Week 12: Data Importing/Exporting
This week, we go back to the very start of the data analysis pipeline: importing data into R. Many datasets are formatted and stored in strange ways, and it is good to have practice working with importing data from many kinds of sources. By the end of this week, you will be able to:
Use the
read_csv()
function from the tidyverse to wrangle unruly .csv filesPerform manual data entry with
tibble()
andtribble()
Read data from the web and APIs
Reading
- R4DS Chapters 7-8
Problem Set
In this problem set, we’ll practice reading and cleaning up data from a variety of sources.
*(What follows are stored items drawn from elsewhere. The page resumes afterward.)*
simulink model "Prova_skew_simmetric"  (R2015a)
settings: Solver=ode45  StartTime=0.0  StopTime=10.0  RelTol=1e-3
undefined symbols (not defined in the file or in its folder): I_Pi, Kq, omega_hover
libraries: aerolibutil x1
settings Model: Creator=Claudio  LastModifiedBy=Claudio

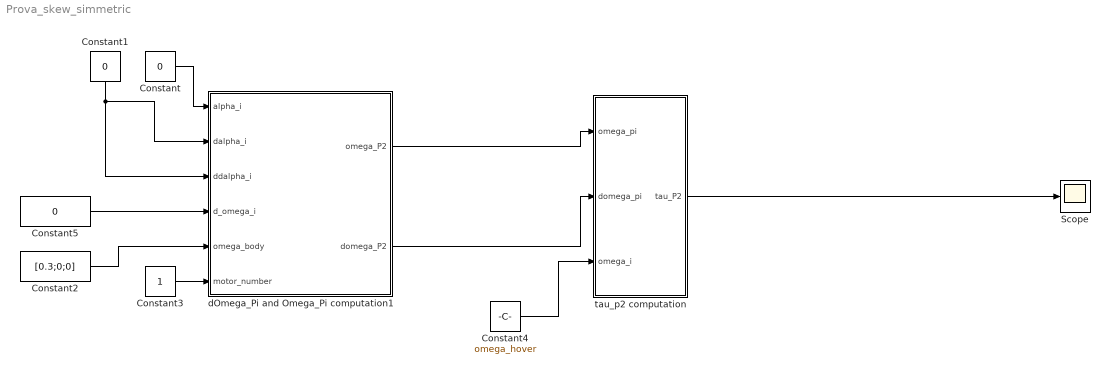
== system Prova_skew_simmetric ==
  Constant : Constant  Value=0
  Constant1 : Constant  Value=0
  Constant2 : Constant  Value=[0.3;0;0]
  Constant3 : Constant
  Constant4 : Constant  Value=omega_hover
  Constant5 : Constant  Value=0
  Scope : Scope
  dOmega_Pi and Omega_Pi computation1 : Subsystem
  tau_p2 computation : Subsystem
  wires:
  Constant/1 -> dOmega_Pi and Omega_Pi computation1/1(alpha_i)
  Constant1/1 -> dOmega_Pi and Omega_Pi computation1/3(ddalpha_i), dOmega_Pi and Omega_Pi computation1/2(dalpha_i)
  Constant2/1 -> dOmega_Pi and Omega_Pi computation1/5(omega_body)
  dOmega_Pi and Omega_Pi computation1/1(omega_P2) -> tau_p2 computation/1(omega_pi)
  dOmega_Pi and Omega_Pi computation1/2(domega_P2) -> tau_p2 computation/2(domega_pi)
  tau_p2 computation/1(tau_P2) -> Scope/1
  Constant3/1 -> dOmega_Pi and Omega_Pi computation1/6(motor_number)
  Constant4/1 -> tau_p2 computation/3(omega_i)
  Constant5/1 -> dOmega_Pi and Omega_Pi computation1/4(d_omega_i)

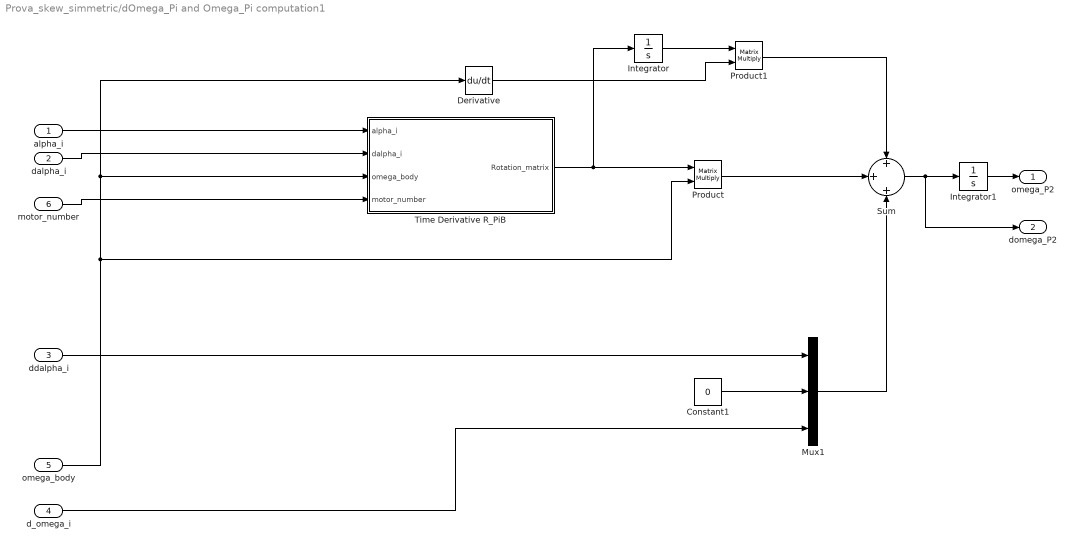
== system Prova_skew_simmetric/dOmega_Pi and Omega_Pi computation1 ==
  alpha_i : Inport
  dalpha_i : Inport  Port=2
  ddalpha_i : Inport  Port=3
  d_omega_i : Inport  Port=4
  omega_body : Inport  Port=5
  motor_number : Inport  Port=6
  Constant1 : Constant  Value=0
  Derivative : Derivative
  Integrator : Integrator
  Integrator1 : Integrator
  Mux1 : Mux  Inputs=3
  Product : Product  Multiplication=Matrix(*)
  Product1 : Product  Multiplication=Matrix(*)
  Sum : Sum  Inputs=+|+|+
  Time Derivative R_PiB : MATLAB Function  TreatAsAtomicUnit=on
  omega_P2 : Outport
  domega_P2 : Outport  Port=2
  wires:
  Derivative/1 -> Product1/2
  Product/1 -> Sum/2
  Time Derivative R_PiB/1(Rotation_matrix) -> Integrator/1, Product/1
  Constant1/1 -> Mux1/2
  omega_body/1 -> Product/2, Time Derivative R_PiB/3(omega_body), Derivative/1
  dalpha_i/1 -> Time Derivative R_PiB/2(dalpha_i)
  alpha_i/1 -> Time Derivative R_PiB/1(alpha_i)
  Integrator/1 -> Product1/1
  d_omega_i/1 -> Mux1/3
  Sum/1 -> domega_P2/1, Integrator1/1
  Product1/1 -> Sum/1
  Mux1/1 -> Sum/3
  Integrator1/1 -> omega_P2/1
  ddalpha_i/1 -> Mux1/1
  motor_number/1 -> Time Derivative R_PiB/4(motor_number)

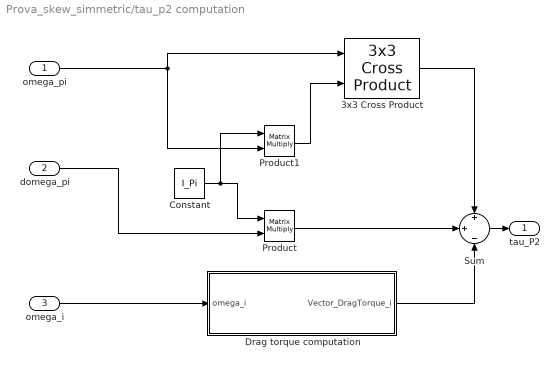
== system Prova_skew_simmetric/tau_p2 computation ==
  omega_pi : Inport
  domega_pi : Inport  Port=2
  omega_i : Inport  Port=3
  3x3 Cross Product : aerolibutil/3x3 Cross Product
  Constant : Constant  Value=I_Pi
  Drag torque computation : Subsystem
  Product : Product  Multiplication=Matrix(*)
  Product1 : Product  Multiplication=Matrix(*)
  Sum : Sum  Inputs=+|+|-
  tau_P2 : Outport
  wires:
  3x3 Cross Product/1 -> Sum/1
  Sum/1 -> tau_P2/1
  Product1/1 -> 3x3 Cross Product/2
  domega_pi/1 -> Product/2
  Product/1 -> Sum/2
  omega_pi/1 -> Product1/2, 3x3 Cross Product/1
  Constant/1 -> Product/1, Product1/1
  omega_i/1 -> Drag torque computation/1(omega_i)
  Drag torque computation/1(Vector_DragTorque_i) -> Sum/3

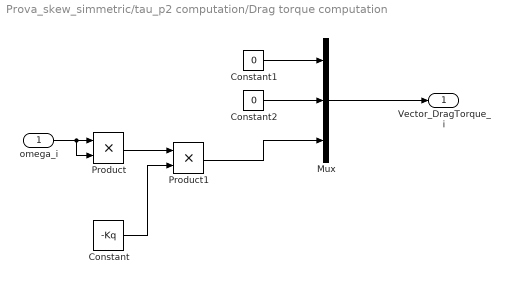
== system Prova_skew_simmetric/tau_p2 computation/Drag torque computation ==
  omega_i : Inport
  Constant : Constant  Value=-Kq
  Constant1 : Constant  Value=0
  Constant2 : Constant  Value=0
  Mux : Mux  Inputs=3
  Product : Product
  Product1 : Product
  Vector_DragTorque_i : Outport
  wires:
  Constant2/1 -> Mux/2
  omega_i/1 -> Product/2, Product/1
  Product/1 -> Product1/1
  Constant1/1 -> Mux/1
  Mux/1 -> Vector_DragTorque_i/1
  Product1/1 -> Mux/3
  Constant/1 -> Product1/2

== matlab function Prova_skew_simmetric/dOmega_Pi and Omega_Pi computation1/Time Derivative R_PiB ==
  data: alpha_i input; dalpha_i input; omega_body input; Rotation_matrix output; motor_number input
function Rotation_matrix = fcn(alpha_i,dalpha_i,omega_body,motor_number)
%#codegen

% Rotation matrix from Body to propeller group
psi = (motor_number-1)*pi/2;
phi = alpha_i;
dphi = dalpha_i;
% R_PiB = [cos(psi),           sin(psi),        0;
%        -cos(phi)*sin(psi),  cos(phi)*cos(psi), sin(phi);
%         sin(phi)*sin(psi), -cos(psi)*sin(phi), cos(phi)];
% dR_PiB = [ 0, 0, 0 ;
%     sin(phi)*sin(psi)*dphi, -sin(phi)*cos(psi)*dphi, cos(phi)*dphi;
%     cos(phi)*sin(psi)*dphi, -cos(phi)*sin(psi)*dphi, -sin(phi)*dphi ];
omega_x = omega_body(1);
omega_y = omega_body(2);
omega_z = omega_body(3);

% Define the skew simmetric matrix
S = [0 -omega_z omega_y;omega_z 0 -omega_x; -omega_y omega_x 0];

R_PiB = [cos(psi),           sin(psi),        0;
       -cos(phi)*sin(psi),  cos(phi)*cos(psi), sin(phi);
        sin(phi)*sin(psi), -cos(psi)*sin(phi), cos(phi)];

dR_PiB = S*R_PiB;


Rotation_matrix = dR_PiB

Submit your responses as a knitted R script or Quarto document.
Part 1
The website 538 maintains a dataset of all polls conducted during the 2024 US presidential election at the following link. The following set of problems involve reading and analyzing this dataset.
- Read the .csv file directly into R from the URL.
- Make sure that the start date and end date fields are properly formatted as a date.
- What is the unit of analysis in this dataset? Perform the necessary transformation so that the unit of analysis is the poll (unique identifier is the variable
poll_id
) and for each poll compute the percent of respondents that planned to vote for the Democratic candidate. - Keep only the polls of likely voters in two states of your choice.
- Create a scatter plot of Democratic vote share over time, faceted by state. Include dashed vertical lines indicating the dates of major campaign events.
- Bonus. Compute 95% confidence intervals for each poll assuming random sampling from the population of likely voters. What fraction of these 95% confidence intervals contain the true Democratic vote share in the two states you selected? Does this fraction increase for polls conducted closer to the election? What about polls conducted by pollsters with high “grades” from 538? What about polls conducted over telephone vs. online polls?
Part 2
In this part of the problem set, we’ll be working with the tidycensus
package, which can import data directly from the US Census API (Application Programming Interface).
- Follow the instructions on this page to obtain an API key from the US Census. Once you have an API key, reproduce the median income chart at the bottom of that page, but for counties in South Carolina instead of Vermont.
Part 3
- Bonus. Download the Public Use Files at the bottom of this page. Inside that folder is a giant fixed-width file called
2017FinEstDAT_06122023modp_pu.txt
with information on the finances of US state and local governments. Use theread_fwf()
function to import that dataset into R; the first page of the Technical Documentation pdf in the folder will tell you exactly which positions are associated with which variable. Once you have imported the dataset, keep only the data for the Athens-Clarke County Unified Government and compute the share of tax revenue that comes from Property Taxes and Sales Taxes.